The front group continued to thin out as the riders progressed up the misty, snow-adorned climb, the 13.7 per cent gradient making life tough for all.
Erica Magnaldi (Ceratizit-WNT) was at the front of the group once again, joined by Ella Harris (Canyon-SRAM), riding at night in her native New Zealand, Joss Lowden (Drops) and Sarah Gigante (Tibco - Silicon Valley Bank).
Magnaldi decided to press on near the top of the climb, with a further incline up to the radio tower after that, stretching the group out to breaking point. Magnaldi led Lowden over the QoM point, the Brit looking to protect her team's overall lead, with Cecilie Uttrup Ludwig (FDJ Nouvelle - Aquitaine Futuroscope) in third.
Ella Harris joined the trio to make a quartet heading to the high point of the day's race on the brutal gradient.

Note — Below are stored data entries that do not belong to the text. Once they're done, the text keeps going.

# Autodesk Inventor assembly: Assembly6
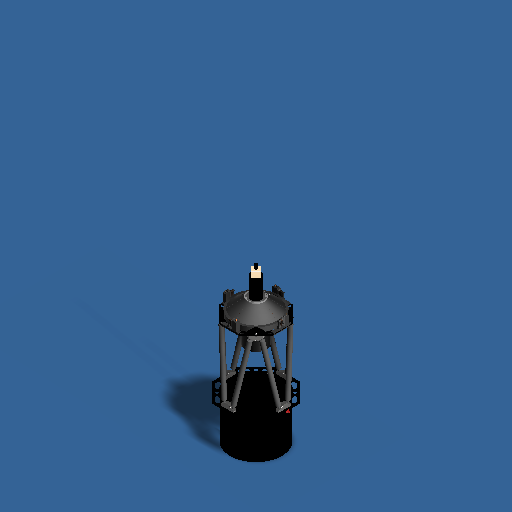
[picture p0: Inventor's stored thumbnail of the model, 512x512]
Saved by Autodesk Inventor 2026.2 (Build 302298000, 298)
## iProperties
Created: 2025-12-09
Part Number: Assembly6
Document SubType Name: Assembly
Designer: Thoma
Mass: 27295.5 g
Surface Area: 25498 cm^2
Volume: 10830.6 cm^3
Density: 2.52023 g/cm^3
Author: Thoma
## Documents named in this file (26)
- C:\Users\Thoma\OneDrive\Desktop\dir\telescope_cover\main\version_2\Main_v4.iam
- C:\Users\Thoma\OneDrive\Desktop\dir\telescope_cover\telescope\version_3\Telescope_End.ipt
- C:\Users\Thoma\OneDrive\Desktop\dir\telescope_cover\telescope\version_3\Triangle.ipt
- C:\Users\Thoma\OneDrive\Desktop\dir\telescope_cover\telescope\version_3\Triangle_Bracket_Top.ipt
- C:\Users\Thoma\OneDrive\Desktop\dir\telescope_cover\telescope\version_3\Carbon_Fibre.ipt
- C:\Users\Thoma\OneDrive\Desktop\dir\telescope_cover\telescope\version_3\5mm Screw.ipt
- C:\Users\Thoma\OneDrive\Desktop\dir\telescope_cover\telescope\version_3\35mm_bolt.ipt
- C:\Users\Thoma\OneDrive\Desktop\dir\telescope_cover\telescope\version_3\Triangle_Bracket_Bottom_MIR.ipt
- C:\Users\Thoma\OneDrive\Desktop\dir\telescope_cover\telescope\version_3\Telescope_Base.ipt
- C:\Users\Thoma\OneDrive\Desktop\dir\telescope_cover\telescope\version_3\Full_shaft_Simplify_3.ipt
- C:\Users\Thoma\OneDrive\Desktop\dir\telescope_cover\cover\Conic_Cover_Simplify_1.ipt
- C:\Users\Thoma\OneDrive\Desktop\dir\telescope_cover\telescope\version_3\30mm_bolt.ipt
- C:\Users\Thoma\OneDrive\Desktop\dir\telescope_cover\telescope\version_3\Baffle.ipt
- C:\Users\Thoma\OneDrive\Desktop\dir\telescope_cover\telescope\version_3\Bottom_End_Top.ipt
- C:\Users\Thoma\OneDrive\Desktop\dir\telescope_cover\cover\Cover_Lower_v3.ipt
- C:\Users\Thoma\OneDrive\Desktop\dir\telescope_cover\cover\Cover_Upper_v3.ipt
- C:\Users\Thoma\OneDrive\Desktop\dir\telescope_cover\telescope\version_3\Laser.ipt
- C:\Users\Thoma\OneDrive\Desktop\dir\telescope_cover\cover\rod_v10.ipt
- C:\Users\Thoma\OneDrive\Desktop\dir\telescope_cover\cover\4mm_washer_1mm.ipt
- C:\Users\Thoma\OneDrive\Desktop\dir\telescope_cover\servo\DSS-M15S Servo.ipt
- C:\Users\Thoma\OneDrive\Desktop\dir\telescope_cover\cover\Base_Plate_bottom.ipt
- C:\Users\Thoma\OneDrive\Desktop\dir\telescope_cover\cover\pawn.ipt
- C:\Users\Thoma\OneDrive\Desktop\dir\telescope_cover\cover\4mm_screw.ipt
- C:\Users\Thoma\OneDrive\Desktop\dir\telescope_cover\cover\6mm_washer_1mm.ipt
- C:\Users\Thoma\OneDrive\Desktop\dir\telescope_cover\cover\base_plate_v8.ipt
- C:\Users\Thoma\OneDrive\Desktop\dir\telescope_cover\cover\4mm_0.5_Screw.ipt
## Components (150 placed, 25 different names)
1. 30mm_bolt:9 — Mate:217, Mate:218, Angle:83
2. 30mm_bolt:10 — Mate:216, Mate:219, Angle:82
3. base_plate_v8:1 — Mate:223, Mate:227, Mate:235, Mate:238, Angle:86, Mate:244, Mate:245, Angle:91, Mate:246, Mate:249, Mate:250, Mate:293, Mate:294, Mate:295, Mate:296, Mate:297, Mate:298, Mate:299, Mate:300, Mate:301, Mate:302, Mate:303, Mate:304, Angle:104, Angle:105, Mate:308, Angle:106, Mate:310, Angle:107, Angle:127
4. base_plate_v8:2 — Mate:220, Mate:225, Mate:233, Mate:236, Angle:87, Mate:239, Mate:240, Angle:89, Mate:241, Mate:255, Mate:256, Mate:287, Mate:288, Mate:289, Mate:338, Mate:339, Mate:340, Mate:341, Mate:342, Mate:343, Mate:344, Mate:345, Mate:346, Angle:112, Mate:348, Angle:113, Mate:350, Angle:114, Mate:352, Angle:115, Angle:135
5. base_plate_v8:3 — Mate:221, Mate:226, Mate:237, Angle:88, Mate:242, Mate:243, Angle:90, Mate:247, Mate:252, Mate:253, Mate:290, Mate:291, Mate:292, Mate:354, Mate:355, Mate:356, Mate:357, Mate:358, Mate:359, Mate:360, Mate:361, Angle:116, Angle:117, Angle:118, Angle:119, Mate:385, Angle:136
6. base_plate_v8:4 — Mate:222, Mate:224, Mate:228, Mate:229, Angle:84, Mate:230, Mate:231, Angle:85, Mate:232, Mate:258, Mate:259, Mate:284, Mate:285, Mate:286, Mate:312, Mate:313, Mate:314, Mate:315, Mate:316, Mate:317, Mate:318, Mate:319, Angle:108, Angle:109, Angle:110, Angle:111, Angle:131
7. pawn:1 — Mate:228, Mate:229, Angle:84, Mate:419
8. pawn:2 — Mate:235, Mate:238, Angle:86, Mate:403
9. pawn:3 — Mate:237, Angle:88, Mate:384, Mate:386
10. pawn:4 — Mate:233, Mate:236, Angle:87, Mate:435
11. 4mm_screw:1 — Mate:230, Mate:231, Angle:85
12. 4mm_screw:2 — Mate:244, Mate:245, Angle:91
13. 4mm_screw:3 — Mate:242, Mate:243, Angle:90, Mate:385
14. 4mm_screw:4 — Mate:239, Mate:240, Angle:89
15. Base_Plate_bottom:1 — Mate:248, Mate:249, Mate:250, Mate:278, Mate:279, Angle:101, Mate:280, Mate:281, Angle:102, Mate:282, Mate:283, Angle:103
16. Base_Plate_bottom:2 — Mate:257, Mate:258, Mate:259, Mate:260, Mate:261, Mate:262, Mate:263, Angle:92, Mate:264, Angle:93, Mate:265, Angle:94
17. Base_Plate_bottom:3 — Mate:254, Mate:255, Mate:256, Mate:266, Mate:267, Angle:95, Mate:268, Mate:269, Angle:96, Mate:270, Mate:271, Angle:97
18. Base_Plate_bottom:4 — Mate:251, Mate:252, Mate:253, Mate:272, Mate:273, Angle:98, Mate:274, Mate:275, Angle:99, Mate:276, Mate:277, Angle:100
19. 4mm_screw:5 — Mate:262, Mate:263, Angle:92
20. 4mm_screw:6 — Mate:261, Mate:264, Angle:93
21. 4mm_screw:7 — Mate:260, Mate:265, Angle:94
22. 4mm_screw:8 — Mate:270, Mate:271, Angle:97
23. 4mm_screw:9 — Mate:268, Mate:269, Angle:96
24. 4mm_screw:10 — Mate:266, Mate:267, Angle:95
25. 4mm_screw:11 — Mate:276, Mate:277, Angle:100
26. 4mm_screw:12 — Mate:274, Mate:275, Angle:99
27. 4mm_screw:13 — Mate:272, Mate:273, Angle:98
28. 4mm_screw:14 — Mate:282, Mate:283, Angle:103
29. 4mm_screw:15 — Mate:280, Mate:281, Angle:102
30. 4mm_screw:16 — Mate:278, Mate:279, Angle:101
31. DSS-M15S Servo:1 — Mate:284, Mate:285, Mate:286, Mate:420
32. DSS-M15S Servo:2 — Mate:287, Mate:288, Mate:289, Mate:436
33. DSS-M15S Servo:3 — Mate:290, Mate:291, Mate:292, Mate:387, Mate:388
34. DSS-M15S Servo:4 — Mate:293, Mate:294, Mate:295, Mate:404
35. 6mm_washer_1mm:1 — Mate:299, Mate:301, Mate:306, Mate:307
36. 6mm_washer_1mm:2 — Mate:297, Mate:303, Mate:311
37. 6mm_washer_1mm:3 — Mate:296, Mate:302, Mate:309
38. 6mm_washer_1mm:4 — Mate:298, Mate:300, Mate:305
39. 4mm_screw:17 — Mate:310, Mate:311, Angle:107
40. 4mm_screw:18 — Mate:308, Mate:309, Angle:106
41. 4mm_screw:19 — Mate:306, Mate:307, Angle:105
42. 4mm_screw:20 — Mate:304, Mate:305, Angle:104
43. 6mm_washer_1mm:5 — Mate:315, Mate:317, Mate:324, Mate:325
44. 6mm_washer_1mm:6 — Mate:314, Mate:316, Mate:322, Mate:323
45. 6mm_washer_1mm:7 — Mate:313, Mate:319, Mate:326, Mate:327
46. 6mm_washer_1mm:8 — Mate:312, Mate:318, Mate:320, Mate:321
47. 4mm_screw:21 — Mate:326, Mate:327, Angle:111
48. 4mm_screw:22 — Mate:324, Mate:325, Angle:110
49. 4mm_screw:23 — Mate:322, Mate:323, Angle:109
50. 4mm_screw:24 — Mate:320, Mate:321, Angle:108
51. Cover_Lower_v3:1 — Mate:421, Mate:422, Tangent:37, Mate:429, Mate:430, Mate:431, Mate:432, Mate:433, Mate:434
52. Cover_Lower_v3:2 — Mate:389, Mate:390, Tangent:35, Mate:400, Mate:401, Mate:402
53. Cover_Upper_v3:1 — Mate:405, Mate:406, Tangent:36, Mate:413, Mate:414, Mate:415, Mate:416, Mate:417, Mate:418
54. Cover_Upper_v3:2 — Mate:370, Mate:371, Tangent:34, Mate:378, Mate:379, Mate:380, Mate:381, Mate:382, Mate:383
55. 6mm_washer_1mm:9 — Mate:341, Mate:343, Mate:349
56. 6mm_washer_1mm:10 — Mate:340, Mate:342, Mate:347
57. 6mm_washer_1mm:11 — Mate:339, Mate:345, Mate:353
58. 6mm_washer_1mm:12 — Mate:338, Mate:344, Mate:351
59. 4mm_screw:25 — Mate:350, Mate:351, Angle:114
60. 4mm_screw:26 — Mate:352, Mate:353, Angle:115
61. 4mm_screw:27 — Mate:348, Angle:113, Mate:349
62. 4mm_screw:28 — Mate:346, Mate:347, Angle:112
63. 6mm_washer_1mm:13 — Mate:360, Mate:361, Mate:364, Mate:365
64. 6mm_washer_1mm:14 — Mate:358, Mate:359, Mate:362, Mate:363
65. 6mm_washer_1mm:15 — Mate:356, Mate:357, Mate:368, Mate:369
66. 6mm_washer_1mm:16 — Mate:354, Mate:355, Mate:366, Mate:367
67. 4mm_screw:29 — Mate:368, Mate:369, Angle:119
68. 4mm_screw:30 — Mate:366, Mate:367, Angle:118
69. 4mm_screw:31 — Mate:364, Mate:365, Angle:117
70. 4mm_screw:32 — Mate:362, Mate:363, Angle:116
71. 4mm_washer_1mm:1 — Mate:376, Mate:377
72. 4mm_washer_1mm:2 — Mate:374, Mate:375
73. 4mm_washer_1mm:3 — Mate:372, Mate:373
74. 4mm_0.5_Screw:1 — Mate:378, Mate:379, Angle:121
75. 4mm_0.5_Screw:2 — Mate:382, Mate:383, Angle:122
76. 4mm_0.5_Screw:3 — Mate:380, Mate:381, Angle:120
77. 4mm_washer_1mm:4 — Mate:393, Mate:394
78. 4mm_washer_1mm:5 — Mate:392, Mate:395
79. 4mm_washer_1mm:6 — Mate:391, Mate:396
80. 4mm_0.5_Screw:4 — Mate:399, Mate:400, Angle:126
81. 4mm_0.5_Screw:5 — Mate:398, Mate:401, Angle:125
82. 4mm_0.5_Screw:6 — Mate:397, Mate:402, Angle:124
83. 4mm_washer_1mm:7 — Mate:411, Mate:412
84. 4mm_washer_1mm:8 — Mate:409, Mate:410
85. 4mm_washer_1mm:9 — Mate:407, Mate:408
86. 4mm_0.5_Screw:7 — Mate:416, Mate:417, Angle:130
87. 4mm_0.5_Screw:8 — Mate:415, Mate:418, Angle:128
88. 4mm_0.5_Screw:9 — Mate:413, Mate:414, Angle:129
89. 4mm_washer_1mm:10 — Mate:425, Mate:426
90. 4mm_washer_1mm:11 — Mate:424, Mate:427
91. 4mm_washer_1mm:12 — Mate:423, Mate:428
92. 4mm_0.5_Screw:10 — Mate:431, Mate:434, Angle:132
93. 4mm_0.5_Screw:11 — Mate:430, Mate:433, Angle:133
94. 4mm_0.5_Screw:12 — Mate:429, Mate:432, Angle:134
95. rod_v10:3 — Mate:370, Mate:371, Tangent:34, Mate:372, Mate:373, Mate:374, Mate:375, Mate:376, Mate:377, Angle:120, Angle:121, Angle:122, Mate:384, Mate:386, Mate:387, Mate:388, Angle:136
96. rod_v10:2 — Mate:405, Mate:406, Tangent:36, Mate:407, Mate:408, Mate:409, Mate:410, Mate:411, Mate:412, Angle:128, Angle:129, Angle:130, Mate:419, Mate:420, Angle:131
97. rod_v10:1 — Mate:389, Mate:390, Tangent:35, Mate:391, Mate:392, Mate:393, Mate:394, Mate:395, Mate:396, Mate:397, Mate:398, Mate:399, Angle:124, Angle:125, Angle:126, Mate:403, Mate:404, Angle:127
98. rod_v10:4 — Mate:421, Mate:422, Tangent:37, Mate:423, Mate:424, Mate:425, Mate:426, Mate:427, Mate:428, Angle:132, Angle:133, Angle:134, Mate:435, Angle:135, Mate:436
99. Laser:2 — Mate:214, Flush:220, Flush:221
100. Laser:1 — Mate:215, Flush:218, Flush:219
101. Baffle:1 — Mate:83
102. Carbon_Fibre:1 — Mate:7, Mate:11, Flush:1, Mate:12, Mate:13, Mate:14, Mate:15, Mate:62, Flush:2, Flush:3, Flush:4, Flush:5, Mate:83, Mate:92, Mate:93, Mate:96, Mate:97, Mate:98, Mate:99, Mate:100, Mate:123, Mate:124, Mate:125, Mate:213
103. Telescope_Base:1 — Mate:62, Angle:31, Mate:89, Mate:90, Angle:40, Mate:108, Mate:109, Angle:48, Mate:110, Mate:111, Angle:49, Mate:112, Mate:113, Angle:50, Mate:214, Mate:215, Flush:218, Flush:221
104. Telescope_End:1 — Mate:1, Mate:2, Angle:2, Mate:7, Mate:54, Mate:55, Angle:26, Angle:31, Mate:86, Mate:88, Mate:91, Angle:41, Mate:101, Angle:45, Angle:46, Mate:114, Mate:115, Angle:51, Mate:116, Mate:117, Angle:52, Mate:118, Mate:119, Angle:53, Mate:220, Mate:221, Mate:222, Mate:223, Mate:224, Mate:225, Mate:226, Mate:227, Mate:232, Mate:241, Mate:246, Mate:247, Mate:248, Mate:251, Mate:254, Mate:257
105. Triangle_Bracket_Top:5 — Mate:116, Mate:117, Angle:52, Mate:129, Flush:110, Angle:60
106. Triangle_Bracket_Top:4 — Mate:101, Angle:45, Angle:46, Mate:104, Mate:105, Mate:106, Flush:103, Angle:47
107. Triangle_Bracket_Top:3 — Mate:86, Mate:88, Mate:94, Angle:54, Angle:55, Mate:122, Flush:106, Angle:56
108. Triangle_Bracket_Top:1 — Mate:1, Mate:2, Angle:2, Mate:8, Mate:9, Angle:4, Mate:47, Angle:22, Mate:58
109. Triangle:1 — Mate:8, Mate:9, Angle:4, Mate:11, Flush:1, Angle:5, Angle:6, Mate:46, Mate:70, Mate:71
110. Triangle:5 — Mate:92, Mate:93, Mate:94, Mate:102, Mate:128, Flush:109, Angle:59, Mate:132, Flush:181, Angle:81
111. Triangle:6 — Mate:96, Mate:97, Mate:98, Flush:101, Angle:43, Flush:102, Angle:44, Mate:103, Mate:104, Mate:105, Mate:107
112. Triangle:7 — Mate:123, Mate:124, Mate:125, Mate:126, Flush:107, Angle:57, Mate:127, Flush:108, Angle:58, Mate:130, Mate:131
113. 35mm_bolt:6 — Mate:122, Flush:106, Angle:56
114. 35mm_bolt:7 — Mate:129, Flush:110, Angle:60
115. 35mm_bolt:4 — Mate:46, Mate:47, Angle:22
116. 35mm_bolt:5 — Mate:106, Flush:103, Angle:47
117. 5mm Screw:9 — Mate:100, Flush:102, Angle:44
118. 5mm Screw:13 — Mate:213, Flush:181, Angle:81
119. 5mm Screw:8 — Mate:99, Flush:101, Angle:43
120. 5mm Screw:10 — Mate:126, Flush:107, Angle:57
121. 5mm Screw:2 — Mate:14, Mate:15, Angle:6
122. 5mm Screw:1 — Mate:12, Mate:13, Angle:5
123. 5mm Screw:11 — Mate:127, Flush:108, Angle:58
124. 5mm Screw:12 — Mate:128, Flush:109, Angle:59
125. Full_shaft_Simplify_3:1
126. Full_shaft_Simplify_3:2 — Tangent:26
127. Full_shaft_Simplify_3:3
128. Full_shaft_Simplify_3:4
129. Full_shaft_Simplify_3:5
130. Full_shaft_Simplify_3:6
131. Full_shaft_Simplify_3:7
132. Full_shaft_Simplify_3:8 — Tangent:31, Tangent:33
133. 30mm_bolt:7 — Mate:120, Flush:104, Angle:54
134. 30mm_bolt:1 — Mate:121, Flush:105, Angle:55
135. 30mm_bolt:8 — Mate:80, Flush:13, Angle:39
136. 30mm_bolt:6 — Mate:78, Flush:11, Angle:37
137. 30mm_bolt:3 — Mate:79, Flush:12, Angle:38
138. 30mm_bolt:2 — Mate:77, Flush:10, Angle:36
139. Triangle_Bracket_Bottom_MIR:4 — Mate:118, Mate:119, Angle:53, Mate:216, Mate:217, Mate:218, Mate:219, Angle:82, Angle:83
140. Triangle_Bracket_Bottom_MIR:3 — Mate:114, Mate:115, Angle:51, Mate:120, Flush:104, Mate:121, Flush:105
141. Triangle_Bracket_Bottom_MIR:2 — Mate:55, Mate:58, Angle:26, Mate:77, Flush:10, Angle:36, Mate:78, Flush:11, Angle:37, Tangent:31
142. Triangle_Bracket_Bottom_MIR:1 — Mate:54, Mate:79, Flush:12, Angle:38, Mate:80, Flush:13, Angle:39, Mate:91, Angle:41
143. Bottom_End_Top:4 — Mate:112, Mate:113, Angle:50, Tangent:26, Tangent:33
144. Bottom_End_Top:3 — Mate:110, Mate:111, Angle:49, Flush:219
145. Bottom_End_Top:2 — Mate:108, Mate:109, Angle:48
146. Bottom_End_Top:1 — Mate:89, Mate:90, Angle:40, Flush:220
147. Conic_Cover_Simplify_1:1 — Flush:2, Mate:131, Mate:132
148. Conic_Cover_Simplify_1:2 — Flush:3, Mate:102, Mate:103
149. Conic_Cover_Simplify_1:3 — Flush:4, Mate:70, Mate:107
150. Conic_Cover_Simplify_1:4 — Mate:71, Flush:5, Mate:130
## Relationships (398: Mate 281, Angle 86, Flush 24, Tangent 7)
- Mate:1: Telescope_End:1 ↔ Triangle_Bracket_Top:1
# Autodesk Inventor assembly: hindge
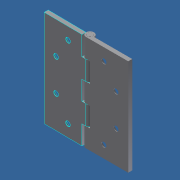
[picture p0: Inventor's stored thumbnail of the model, 180x180]
Saved by Autodesk Inventor 2011 SP1 (Build 150282100, 282)
## iProperties
Created: 2011-06-12
Part Number: hindge
Document SubType Name: Assembly
Designer: john
Author: john
## Documents named in this file (4)
- C:\Documents and Settings\john\My Documents\Inventor\ProjectName\hindge.iam
- C:\Documents and Settings\john\My Documents\Inventor\ProjectName\hindge 1.ipt
- C:\Documents and Settings\john\My Documents\Inventor\ProjectName\Part2.ipt
- C:\Documents and Settings\john\My Documents\Inventor\ProjectName\pin.ipt
## Components (3 placed, 3 different names)
1. hindge 1:1 — Mate:1, Flush:1, Flush:2
2. Part2:1 — Mate:1, Flush:1
3. pin:1 — Flush:2
## Relationships (3: Flush 2, Mate 1)
- Mate:1: hindge 1:1 ↔ Part2:1
- Flush:1: hindge 1:1 ↔ Part2:1
- Flush:2: hindge 1:1 ↔ pin:1
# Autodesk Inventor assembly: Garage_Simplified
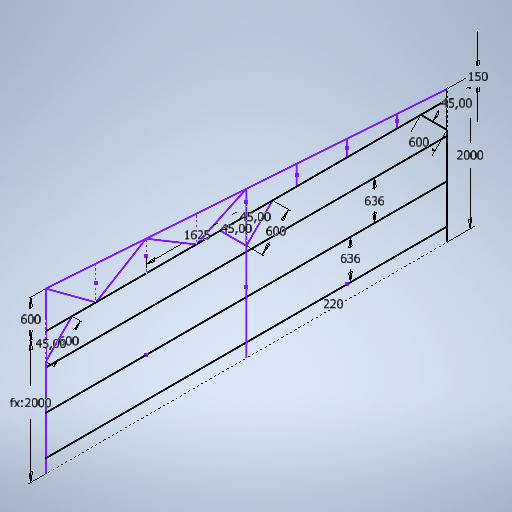
[picture p0: Inventor's stored thumbnail of the model, 512x512]
Saved by Autodesk Inventor 2025.2 (Build 292293000, 293)
## iProperties
Created: 2025-09-29
Part Number: Garage_Simplified
Document SubType Name: Assembly
Designer: MB
_SolveAssemblyDoc: Frame Generator Solve Assembly
_Version: 15.0.0
Author: MB
## iProperties of the stored document MemberDocs/x50qknvc4B05kgkevHifztjknEb
_SolveAssemblyDoc: Frame Generator Solve Assembly
_Version: 15.0.0
Created: 2025-09-29
Part Number: Garage_Simplified
Document SubType Name: Assembly
Designer: MB
Mass: 535689 g
Surface Area: 431223 cm^2
Volume: 68249.9 cm^3
Density: 7.84893 g/cm^3
Author: MB
## Documents named in this file (10)
- C:\Users\Catch22\Documents\Github\hegesztes\Garage_Simplified.iam
- C:\Users\MB\Documents\GitHub\hegesztes\Garage_40x40.ipt
- C:\Users\MB\Documents\GitHub\hegesztes\Garage_Simplified\Frame\Frame 1759173587755.iam
- C:\Users\Catch22\Documents\Github\hegesztes\Garage_40x40.ipt
- C:\Users\Catch22\Documents\Github\hegesztes\Garage_Simplified\Frame\Frame 1759173587755.iam
- C:\Users\Catch22\Documents\Github\hegesztes\Front_Truss.iam
- C:\Users\Catch22\Documents\Github\hegesztes\TopNew.iam
- C:\Users\Catch22\Documents\Github\hegesztes\RearNew.iam
- C:\Users\Catch22\Documents\Github\hegesztes\MiddleTruss.iam
- C:\Users\Catch22\Documents\Github\hegesztes\LVas.ipt
## Components (3 placed, 2 different names)
1. Garage_40x40:1
2. Frame 1759173587755:1 [sub-assembly]
3. Frame 1759173587755:3 [sub-assembly]
## Component patterns: (2 elements, first: Frame 1759173587755:1)

Magnaldi was out of the saddle at home, continuing to lead the group uphill, with Kristen Faulkner and Lauren Stephens also joining the front group.
Uttrup Ludwig, decked out in sunglasses indoors and pushing out 370W, then increased her pace, as Magnaldi just about hung onto the Dane's wheel.
Cresting the radio tower climb, the pair had 11 seconds on Faulkner, with Stephens, Harris, Gigante and Lowden a further ten seconds back.
Magnaldi and Uttrup Ludwig were able to take some respite, able to freewheel at points on the descent, with Magnaldi riding alongside a team-mate who was still having to push hard up the climb.
The riders behind the leading duo were starting to gain ground with 10km to go, Faulkner five seconds behind with Lowden's group now only 16 seconds behind.
After another kilometre had passed Faulkner had caught the front two, with Lowden's chasing group now only six seconds behind.
With 7km remaining, the front three were keeping their chasers at bay, partly thanks to the two Tibco riders not helping out on the front, due to Faulkner being up the road.
Acknowledging this tactical trap, Lowden attacked the group, with Stephens chasing on into the final 5km.
This halved their deficit to the leading group, and within a kilometre they had made it across to the front of the race, leaving seven riders to contest the intermediate sprint and stage victory.
Uttrup Ludwig took the intermediate sprint with 2km remaining, stamping on the pedals to launch her attack afterwards, using a power-up that made her un-draftable for 10 seconds and stringing the group out, Faulkner jumping on her wheel.
Lowden was the next to attack with 1.5km to go, with Faulkner then countering on the run-in to the finish.
Gigante and Rooijakkers were distanced going into the final kilometre, Magnaldi dug deep, grimacing on her bike as she opened up her sprint, with Lowden then starting to pull clear before Stephens came through to pip her on the line.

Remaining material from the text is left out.